Tag Archives: nagios

Learning more about Nagios for server monitoring

This week’s TechMail is Learning more about Nagios for server monitoring which reviews the book Learning NAGIOS 3.0 published by Packt Publishing. This is a pretty decent book for anyone interested in learning more about Nagios. It taught me, who’s been using Nagios for some time, a few new tricks. Not necessarily a good read, but a darn fine reference manual (although reading from front to back would be good for someone who really wants to get up to speed on the full power of Nagios quickly). Read the TechMail for the full review.

hddtemp wrapper for Nagios

I was bored tonight so I wrote a wrapper for hddtemp for Nagios monitoring. I have a bit of a quirky setup for Nagios where I run the local system checks on remote systems via netcat, ipsvd, and a script to handle the query. This allows me to monitor remote drive space, current users, total processes, and current load. Using hddtemp, I can now monitor the temperature of the drives in those machines (which also gives me an idea of how hot/cold the server room itself is).

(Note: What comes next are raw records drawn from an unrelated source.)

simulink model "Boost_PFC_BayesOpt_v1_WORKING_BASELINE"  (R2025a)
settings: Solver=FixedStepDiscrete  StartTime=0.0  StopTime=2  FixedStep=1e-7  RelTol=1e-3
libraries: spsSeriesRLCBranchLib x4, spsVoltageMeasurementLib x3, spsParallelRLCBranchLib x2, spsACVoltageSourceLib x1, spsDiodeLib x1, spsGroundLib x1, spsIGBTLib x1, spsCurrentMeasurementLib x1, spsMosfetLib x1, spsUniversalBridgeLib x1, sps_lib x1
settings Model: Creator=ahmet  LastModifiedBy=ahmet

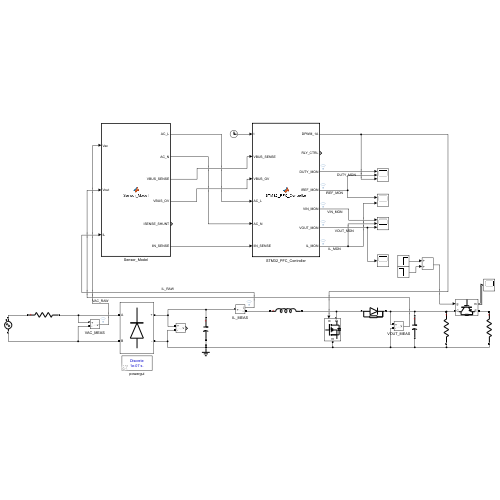
[thumbnail: Simulink's stored preview of the top-level diagram]
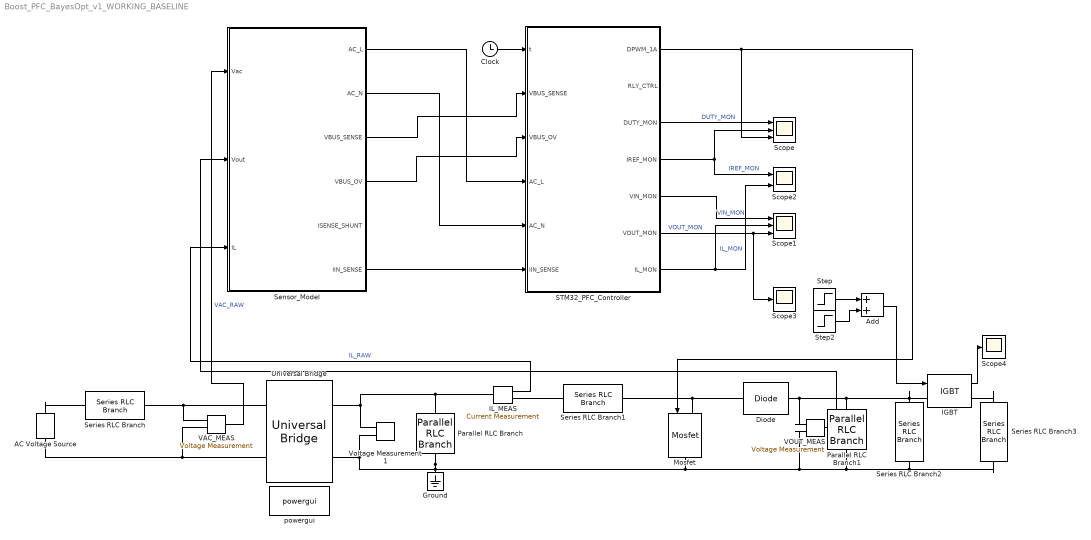
== system Boost_PFC_BayesOpt_v1_WORKING_BASELINE ==
  AC Voltage Source : spsACVoltageSourceLib/AC Voltage Source  Amplitude=325  Phase=0  Frequency=50  SampleTime=0  Measurements=None  BusType=swing  Pref=10e3  Qref=0  Qmin=-inf  Qmax=+inf
  Add : Sum
  Clock : Clock
  Diode : spsDiodeLib/Diode  Ron=0.001  Lon=0  Vf=0.8  IC=0  UseSnubber=0  Rs=1e5  Cs=inf  Measurements=off
  Ground : spsGroundLib/Ground  LConnTagsString=a
  IGBT : spsIGBTLib/IGBT  Ron=0.001  Lon=0  Vf=1  Tf=1e-6  Tt=2e-6  IC=0  Rs=1e5  Cs=inf  Measurements=on
  IL_MEAS : spsCurrentMeasurementLib/Current Measurement  PhasorSimulation=off  OutputType=Complex  PSBequivalent=0
  Mosfet : spsMosfetLib/Mosfet  Ron=0.19  Lon=0  Rd=0.01  Vfd=0.9  IC=0  Rs=1e5  Cs=inf  Measurements=off
  Parallel RLC Branch : spsParallelRLCBranchLib/Parallel RLC Branch  LConnTagsString=a  RConnTagsString=__new0  BranchType=C  Resistance=1  Inductance=1e-3  SetiL0=off  InitialCurrent=0  Capacitance=1e-6  Setx0=off  InitialVoltage=0  Measurements=None
  Parallel RLC Branch1 : spsParallelRLCBranchLib/Parallel RLC Branch  LConnTagsString=a  RConnTagsString=__new0  BranchType=C  Resistance=1  Inductance=1e-3  SetiL0=off  InitialCurrent=0  Capacitance=1360e-6  Setx0=off  InitialVoltage=0  Measurements=None
  STM32_PFC_Controller : MATLAB Function  TreatAsAtomicUnit=on
  Scope : Scope  NumInputPorts=3
      settings: ActiveDisplayYMinimum=-0.10554957085863778  ActiveDisplayYMaximum=0.94994613772774028  DataLoggingVariableName=ScopeData2
  Scope1 : Scope  NumInputPorts=3
      settings: ActiveDisplayYMinimum=-40.624879495450678  ActiveDisplayYMaximum=365.62391545905615
  Scope2 : Scope  NumInputPorts=2
      settings: ActiveDisplayYMinimum=-1.5851546899227209  ActiveDisplayYMaximum=11.843949047221777
  Scope3 : Scope
      settings: ActiveDisplayYMinimum=314.05537103883637  ActiveDisplayYMaximum=430.29627915318162  DataLoggingVariableName=ScopeData3
  Scope4 : Scope
      settings: ActiveDisplayYMinimum=-53.682455031069871  ActiveDisplayYMaximum=483.14209527962896  DataLoggingVariableName=ScopeData4
  Sensor_Model : MATLAB Function  TreatAsAtomicUnit=on
  Series RLC Branch : spsSeriesRLCBranchLib/Series RLC Branch  LConnTagsString=__new0  RConnTagsString=__new0  BranchType=R  Resistance=0.1  Inductance=1e-3  SetiL0=off  InitialCurrent=0  Capacitance=1e-6  Setx0=off  InitialVoltage=0  Measurements=None
  Series RLC Branch1 : spsSeriesRLCBranchLib/Series RLC Branch  LConnTagsString=__new0  RConnTagsString=__new0  BranchType=L  Resistance=1  Inductance=311e-6  SetiL0=off  InitialCurrent=0  Capacitance=1e-6  Setx0=off  InitialVoltage=0  Measurements=None
  Series RLC Branch2 : spsSeriesRLCBranchLib/Series RLC Branch  LConnTagsString=__new0  RConnTagsString=__new0  BranchType=R  Resistance=533.3  Inductance=1e-3  SetiL0=off  InitialCurrent=0  Capacitance=1e-6  Setx0=off  InitialVoltage=0  Measurements=None
  Series RLC Branch3 : spsSeriesRLCBranchLib/Series RLC Branch  LConnTagsString=__new0  RConnTagsString=__new0  BranchType=R  Resistance=145  Inductance=1e-3  SetiL0=off  InitialCurrent=0  Capacitance=1e-6  Setx0=off  InitialVoltage=0  Measurements=None
  Step : Step  Time=0.6  SampleTime=0
  Step2 : Step  After=-1  SampleTime=0
  Universal Bridge : spsUniversalBridgeLib/Universal Bridge  Arms=2  SnubberResistance=1e5  SnubberCapacitance=inf  Device=Diodes  Ron=1e-3  Lon=0  ForwardVoltages="[  0  0  ]"  ForwardVoltage=0.9  GTOparameters=[ 10e-6 , 20e-6 ]  IGBTparameters=[ 1e-6 , 2e-6 ]  Measurements=None  Measurements_2=None  converterType=Rectifier
  VAC_MEAS : spsVoltageMeasurementLib/Voltage Measurement  PhasorSimulation=off  OutputType=Complex  PSBequivalent=0
  VOUT_MEAS : spsVoltageMeasurementLib/Voltage Measurement  PhasorSimulation=off  OutputType=Complex  PSBequivalent=0
  Voltage Measurement1 : spsVoltageMeasurementLib/Voltage Measurement  PhasorSimulation=off  OutputType=Complex  PSBequivalent=0
  powergui : sps_lib/powergui  Priority=1  SimulationMode=Discrete  SampleTime=1e-7  frequency=60  Iterations=50  frequencyindice=50  Pbase=100e6  ErrMax=1e-4  UnitsV=kV  UnitsW=MW  buscounter=0  FunctionMessages=off  echomessages=off  EnableUseOfTLC=off  CurrentSourceSwitches=off  DisableSnubberDevices=off  DisableRonSwitches=off  DisableVfSwitches=off  DisplayEquations=off  AutomaticDiscreteSolvers=off  SolverType=Tustin/Backward Euler (TBE)  Interpol=off  ExternalGateDelay=off  methode=off  Ts=100  x0status=blocks  SPID=on  SwTol=0  HookPort=off  NonlinearTolerance=1e-4  nMaxIteration=100  ContinueOnMaxIteration=off  RestoreLinks=warning  ResistiveCurrentMeasurement=off  Frange=[0:2:500]  Ylog=off  Xlog=on  ShowGrid=off  save=off  variable=ZData  structure=0  ZoomFFT=off  StartTime=0.0  cycles=1  DisplayStyle=1  fundamental=60  FreqAxis=off  MaxFrequency=1000  frequencyindicesteady=1  RmsSteady=1  display=off
  wires:
  STM32_PFC_Controller/1(DPWM_1A) -> Mosfet/1, Scope/3
  Clock/1 -> STM32_PFC_Controller/1(t)
  Sensor_Model/3(VBUS_SENSE) -> STM32_PFC_Controller/2(VBUS_SENSE)
  Sensor_Model/4(VBUS_OV) -> STM32_PFC_Controller/3(VBUS_OV)
  Sensor_Model/1(AC_L) -> STM32_PFC_Controller/4(AC_L)
  Sensor_Model/2(AC_N) -> STM32_PFC_Controller/5(AC_N)
  VAC_MEAS/1 -> Sensor_Model/1(Vac)  "VAC_RAW"
  VOUT_MEAS/1 -> Sensor_Model/2(Vout)
  IL_MEAS/1 -> Sensor_Model/3(IL)  "IL_RAW"
  Sensor_Model/6(IIN_SENSE) -> STM32_PFC_Controller/6(IIN_SENSE)
  STM32_PFC_Controller/7(IL_MON) -> Scope2/2, Scope1/2  "IL_MON"
  STM32_PFC_Controller/6(VOUT_MON) -> Scope3/1, Scope1/3  "VOUT_MON"
  STM32_PFC_Controller/5(VIN_MON) -> Scope1/1  "VIN_MON"
  STM32_PFC_Controller/4(IREF_MON) -> Scope2/1, Scope/2  "IREF_MON"
  STM32_PFC_Controller/3(DUTY_MON) -> Scope/1  "DUTY_MON"
  Step/1 -> Add/1
  Step2/1 -> Add/2
  Add/1 -> IGBT/1
  IGBT/1 -> Scope4/1
  connections:
  AC Voltage Source/RConn1 -- Series RLC Branch/LConn1
  Series RLC Branch/RConn1 -- VAC_MEAS/LConn1 -- Universal Bridge/LConn1
  AC Voltage Source/LConn1 -- VAC_MEAS/LConn2 -- Universal Bridge/LConn2
  Voltage Measurement1/LConn1 -- Parallel RLC Branch/LConn1 -- IL_MEAS/LConn1 -- Universal Bridge/RConn1
  Parallel RLC Branch/RConn1 -- VOUT_MEAS/LConn2 -- Series RLC Branch3/RConn1 -- Series RLC Branch2/RConn1 -- Parallel RLC Branch1/RConn1 -- Mosfet/RConn1 -- Voltage Measurement1/LConn2 -- Universal Bridge/RConn2 -- Ground/LConn1
  Mosfet/LConn1 -- Series RLC Branch1/RConn1 -- Diode/LConn1
  Diode/RConn1 -- VOUT_MEAS/LConn1 -- IGBT/LConn1 -- Series RLC Branch2/LConn1 -- Parallel RLC Branch1/LConn1
  IL_MEAS/RConn1 -- Series RLC Branch1/LConn1
  Series RLC Branch3/LConn1 -- IGBT/RConn1

== matlab function Boost_PFC_BayesOpt_v1_WORKING_BASELINE/STM32_PFC_Controller ==
  data: t input; DPWM_1A output; VBUS_SENSE input; VBUS_OV input; RLY_CTRL output; DUTY_MON output; IREF_MON output; VIN_MON output; VOUT_MON output; AC_L input; AC_N input; IIN_SENSE input; IL_MON output
function [DPWM_1A, RLY_CTRL, DUTY_MON, IREF_MON, ...
          VIN_MON, VOUT_MON, IL_MON] = ...
          STM32_PFC_Controller(t, VBUS_SENSE, VBUS_OV, ...
          AC_L, AC_N, IIN_SENSE)

% =========================================================
% GENERAL CONSTANTS
% =========================================================

FSW = 75e3;
TSW = 1.0 / FSW;

PWM_START = 0.05;
SOFT_TIME = 0.20;

VOUT_START  = 330.0;
VOUT_TARGET = 400.0;
VOUT_OVP    = 430.0;

DUTY_MIN    = 0.0;
DUTY_MAX    = 0.85;
DUTY_FF_MAX = 0.75;

IAMP_MAX = 14.0;
IL_SW_LIMIT = 18.0;

I_INT_MIN = -0.35;
I_INT_MAX =  0.35;

% =========================================================
% ZERO-CROSSING CONTROL
% =========================================================

VIN_PWM_OFF = 10.0;
VIN_RAMP_END = 50.0;

VIN_PEAK_NOM = 230.0 * sqrt(2.0);

% =========================================================
% CYCLE-BY-CYCLE PEAK-CURRENT CONTROL
% =========================================================

I_PEAK_MIN = 1.2;
I_PEAK_MARGIN = 1.3;

% =========================================================
% SENSOR-SCALING CONSTANTS
% =========================================================

K_VBUS = 3.16e3 / (600e3 + 3.16e3);
K_AC   = 3.6e3  / (600e3 + 3.6e3);

RSHUNT = 0.008;
GAIN_I = 21.1;

% =========================================================
% PI-CONTROLLER GAINS
% =========================================================
% Gains are defined directly in the code.
% No Workspace or Symbols Pane setting is required.

KP_V = 0.010;
KI_V = 0.80;

KP_I = 0.018;
KI_I = 75.0;

% =========================================================
% PERSISTENT CONTROLLER STATES
% =========================================================

persistent last_period
persistent v_int
persistent i_int
persistent duty_mem
persistent iref_mem

persistent peak_trip
persistent peak_limit_mem

if isempty(last_period)

    last_period = -1.0;

    v_int = 0.0;
    i_int = 0.0;

    duty_mem = 0.0;
    iref_mem = 0.0;

    peak_trip = false;
    peak_limit_mem = I_PEAK_MIN;

end

% =========================================================
% CONVERT SENSOR SIGNALS TO PHYSICAL VALUES
% =========================================================

vout = VBUS_SENSE / K_VBUS;
vov  = VBUS_OV / K_VBUS;

vac_scaled = AC_L - AC_N;
vin = abs(vac_scaled / K_AC);

il = IIN_SENSE / (RSHUNT * GAIN_I);
il = abs(il);

% =========================================================
% DEFAULT OUTPUTS
% =========================================================

DPWM_1A = 0.0;
RLY_CTRL = 0.0;

DUTY_MON = duty_mem;
IREF_MON = iref_mem;

VIN_MON  = vin;
VOUT_MON = vout;
IL_MON   = il;

% =========================================================
% RELAY CONTROL
% =========================================================

if t >= 0.02
    RLY_CTRL = 1.0;
else
    RLY_CTRL = 0.0;
end

% =========================================================
% BEFORE PWM START
% =========================================================

if t < PWM_START

    last_period = -1.0;

    v_int = 0.0;
    i_int = 0.0;

    duty_mem = 0.0;
    iref_mem = 0.0;

    peak_trip = false;
    peak_limit_mem = I_PEAK_MIN;

    DPWM_1A = 0.0;

    DUTY_MON = 0.0;
    IREF_MON = 0.0;

    VIN_MON  = vin;
    VOUT_MON = vout;
    IL_MON   = il;

    return;
end

% Time measured from PWM activation
t_pwm = t - PWM_START;

% Current PWM-period number
period_now = floor(t_pwm / TSW);

% =========================================================
% CONTROL UPDATE ONCE PER SWITCHING PERIOD
% =========================================================

if period_now ~= last_period

    last_period = period_now;

    % Reset cycle-by-cycle current trip
    peak_trip = false;

    % -----------------------------------------------------
    % SOFT-START VOLTAGE REFERENCE
    % -----------------------------------------------------

    if t_pwm < SOFT_TIME

        vref = VOUT_START + ...
            (VOUT_TARGET - VOUT_START) * ...
            (t_pwm / SOFT_TIME);

    else

        vref = VOUT_TARGET;

    end

    % -----------------------------------------------------
    % ZERO-CROSSING RAMP FACTOR
    % -----------------------------------------------------

    if vin <= VIN_PWM_OFF

        zc_gain = 0.0;

    elseif vin >= VIN_RAMP_END

        zc_gain = 1.0;

    else

        zc_gain = (vin - VIN_PWM_OFF) / ...
                  (VIN_RAMP_END - VIN_PWM_OFF);

    end

    % -----------------------------------------------------
    % OUTER VOLTAGE PI LOOP
    % -----------------------------------------------------

    ev = vref - vout;

    i_amp_unsat = KP_V * ev + v_int;

    % Conditional-integration anti-windup
    if ~((i_amp_unsat >= IAMP_MAX && ev > 0.0) || ...
         (i_amp_unsat <= 0.0 && ev < 0.0))

        v_int = v_int + KI_V * ev * TSW;

    end

    % Voltage integrator limits
    if v_int > IAMP_MAX
        v_int = IAMP_MAX;
    elseif v_int < 0.0
        v_int = 0.0;
    end

    % Recalculate output after integrator update
    i_amp = KP_V * ev + v_int;

    if i_amp > IAMP_MAX
        i_amp = IAMP_MAX;
    elseif i_amp < 0.0
        i_amp = 0.0;
    end

    % -----------------------------------------------------
    % SINUSOIDAL CURRENT-REFERENCE GENERATION
    % -----------------------------------------------------

    vin_norm = vin / VIN_PEAK_NOM;

    if vin_norm > 1.0
        vin_norm = 1.0;
    elseif vin_norm < 0.0
        vin_norm = 0.0;
    end

    iref = i_amp * vin_norm * zc_gain;

    % -----------------------------------------------------
    % BOOST DUTY FEED-FORWARD
    % -----------------------------------------------------

    if vout > 100.0
        duty_ff_raw = 1.0 - vin / vout;
    else
        duty_ff_raw = 0.20;
    end

    if duty_ff_raw > DUTY_FF_MAX
        duty_ff_raw = DUTY_FF_MAX;
    elseif duty_ff_raw < 0.0
        duty_ff_raw = 0.0;
    end

    duty_ff = duty_ff_raw * zc_gain;

    % -----------------------------------------------------
    % INNER CURRENT PI LOOP
    % -----------------------------------------------------

    ei = iref - il;

    duty_unsat = duty_ff + KP_I * ei + i_int;

    % Conditional-integration anti-windup
    if ~((duty_unsat >= DUTY_MAX && ei > 0.0) || ...
         (duty_unsat <= DUTY_MIN && ei < 0.0))

        i_int = i_int + KI_I * ei * TSW;

    end

    % Current integrator limits
    if i_int > I_INT_MAX
        i_int = I_INT_MAX;
    elseif i_int < I_INT_MIN
        i_int = I_INT_MIN;
    end

    % Recalculate duty after integrator update
    duty_unsat = duty_ff + KP_I * ei + i_int;

    if duty_unsat > DUTY_MAX
        duty = DUTY_MAX;
    elseif duty_unsat < DUTY_MIN
        duty = DUTY_MIN;
    else
        duty = duty_unsat;
    end

    % -----------------------------------------------------
    % PWM-OFF REGION AROUND ZERO CROSSING
    % -----------------------------------------------------

    if vin <= VIN_PWM_OFF

        duty = 0.0;
        iref = 0.0;

        i_int = 0.0;

    end

    % -----------------------------------------------------
    % OVERVOLTAGE PROTECTION
    % -----------------------------------------------------

    if vout >= VOUT_OVP || vov >= VOUT_OVP

        duty = 0.0;
        iref = 0.0;

        i_int = 0.0;
        v_int = 0.0;

    end

    % -----------------------------------------------------
    % ABSOLUTE OVERCURRENT PROTECTION
    % -----------------------------------------------------

    if il >= IL_SW_LIMIT

        duty = 0.0;
        iref = 0.0;

        i_int = 0.0;
        peak_trip = true;

    end

    % -----------------------------------------------------
    % PEAK-CURRENT LIMIT FOR CURRENT PWM PERIOD
    % -----------------------------------------------------

    peak_limit = iref + I_PEAK_MARGIN;

    if peak_limit < I_PEAK_MIN
        peak_limit = I_PEAK_MIN;
    elseif peak_limit > IL_SW_LIMIT
        peak_limit = IL_SW_LIMIT;
    end

    peak_limit_mem = peak_limit;

    duty_mem = duty;
    iref_mem = iref;

end

% =========================================================
% CURRENT PWM POSITION
% =========================================================

t_pwm = t - PWM_START;
tau = t_pwm - floor(t_pwm / TSW) * TSW;

if tau < duty_mem * TSW
    pwm_window = true;
else
    pwm_window = false;
end

% =========================================================
% CYCLE-BY-CYCLE PEAK-CURRENT CUTOFF
% =========================================================

if pwm_window && il >= peak_limit_mem
    peak_trip = true;
end

% =========================================================
% FAST ABSOLUTE PROTECTION
% =========================================================

if vout >= VOUT_OVP || vov >= VOUT_OVP

    duty_mem = 0.0;
    iref_mem = 0.0;

    i_int = 0.0;
    v_int = 0.0;

    peak_trip = true;

end

if il >= IL_SW_LIMIT

    duty_mem = 0.0;
    iref_mem = 0.0;

    i_int = 0.0;

    peak_trip = true;

end

% =========================================================
% DIGITAL PWM GENERATION
% =========================================================

if (tau < duty_mem * TSW) && (~peak_trip)
    DPWM_1A = 1.0;
else
    DPWM_1A = 0.0;
end

% =========================================================
% MONITOR OUTPUTS
% =========================================================

DUTY_MON = duty_mem;
IREF_MON = iref_mem;

VIN_MON  = vin;
VOUT_MON = vout;
IL_MON   = il;

end

== matlab function Boost_PFC_BayesOpt_v1_WORKING_BASELINE/Sensor_Model ==
  data: Vac input; AC_L output; Vout input; IL input; AC_N output; VBUS_SENSE output; VBUS_OV output; ISENSE_SHUNT output; IIN_SENSE output
function [AC_L, AC_N, VBUS_SENSE, VBUS_OV, ...
          ISENSE_SHUNT, IIN_SENSE] = Sensor_Model(Vac, Vout, IL)

% =========================================================
% SENSOR MODEL
% =========================================================

ADC_MAX = 3.3;

% DC-bus voltage-divider ratio
K_VBUS = 3.16e3 / (600e3 + 3.16e3);

% AC-input voltage-divider ratio
K_AC = 3.6e3 / (600e3 + 3.6e3);

% Current-sensing parameters
RSHUNT = 0.008;
GAIN_I = 21.1;

% =========================================================
% AC INPUT-VOLTAGE SENSING
% =========================================================

% Both ADC signals remain positive.
if Vac >= 0.0
    AC_L = Vac * K_AC;
    AC_N = 0.0;
else
    AC_L = 0.0;
    AC_N = (-Vac) * K_AC;
end

% ADC saturation
if AC_L > ADC_MAX
    AC_L = ADC_MAX;
elseif AC_L < 0.0
    AC_L = 0.0;
end

if AC_N > ADC_MAX
    AC_N = ADC_MAX;
elseif AC_N < 0.0
    AC_N = 0.0;
end

% =========================================================
% DC-BUS VOLTAGE SENSING
% =========================================================

VBUS_SENSE = Vout * K_VBUS;
VBUS_OV    = Vout * K_VBUS;

if VBUS_SENSE > ADC_MAX
    VBUS_SENSE = ADC_MAX;
elseif VBUS_SENSE < 0.0
    VBUS_SENSE = 0.0;
end

if VBUS_OV > ADC_MAX
    VBUS_OV = ADC_MAX;
elseif VBUS_OV < 0.0
    VBUS_OV = 0.0;
end

% =========================================================
% INDUCTOR-CURRENT SENSING
% =========================================================

IL_abs = abs(IL);

% Raw voltage directly across the shunt
ISENSE_SHUNT = IL_abs * RSHUNT;

% Amplified signal applied to the STM32 ADC
IIN_SENSE = IL_abs * RSHUNT * GAIN_I;

if IIN_SENSE > ADC_MAX
    IIN_SENSE = ADC_MAX;
elseif IIN_SENSE < 0.0
    IIN_SENSE = 0.0;
end

end

This may need some tweaking to work with other Nagios setups, but shouldn’t be too hard to adapt. One of these days I’ll do a writeup on my Nagios configuration. Anyways, the wrapper script is as follows. It could probably be optimized a bit more, but it works well enough. WordPress doesn’t handle the indents very well, so keep that in mind.

#!/bin/sh

usage() {
    echo "${0} -w [warn] -c [crit] [drives]"
}

if [ "${1}" == "-h" -o "${1}" == "--help" ]; then
    usage
    exit 0
fi
if [ "${1}" == "-w" ]; then
    shift
    warn="${1}"
    shift
else
    usage
    exit 1
fi
if [ "${1}" == "-c" ]; then
    shift
    crit="${1}"
    shift
else
    usage
    exit 1
fi
while [ "${1}" != "" ]; do
    drives="${drives} ${1}"
    shift
done
if [ "${drives}" == "" ]; then
    usage
    exit 1
fi

status=0
smsg=""
htemp=0

for drive in ${drives}; do
    msg=""
    stats=`/usr/local/sbin/hddtemp ${drive}`
    model=`echo ${stats} | cut -d ':' -f 2`
    temp=`echo ${stats} | cut -d ':' -f 3 | cut -d ' ' -f 2`
    dev=`echo ${drive}|cut -d '/' -f 3`

    if [ "${temp}" -ge "${warn}" ]; then
        if [ "${status}" != "2" ]; then
            status=1
        fi
    fi

    if [ "${temp}" -ge "${crit}" ]; then
        status=2
    fi

    if [ "${temp}" -gt "${htemp}" ]; then
        htemp="${temp}"
    fi

    smsg="${smsg}${dev}=${temp}C; "
done

case "${status}" in
    2)
        wmsg="CRITICAL"
        ;;
    1)
        wmsg="WARN"
        ;;
    0)
        wmsg="OK"
        ;;
esac

echo "HDDTEMP ${wmsg} - ${smsg}|hddtemp=${htemp};${warn};${crit};0"

The output, in Nagios’ status view looks like:

HDDTEMP OK - hda=22C: sda=24C: sdb=24C:

It’s called as “hddtemp-mon -w 30 -c 35 /dev/hda /dev/sda /dev/sdb”.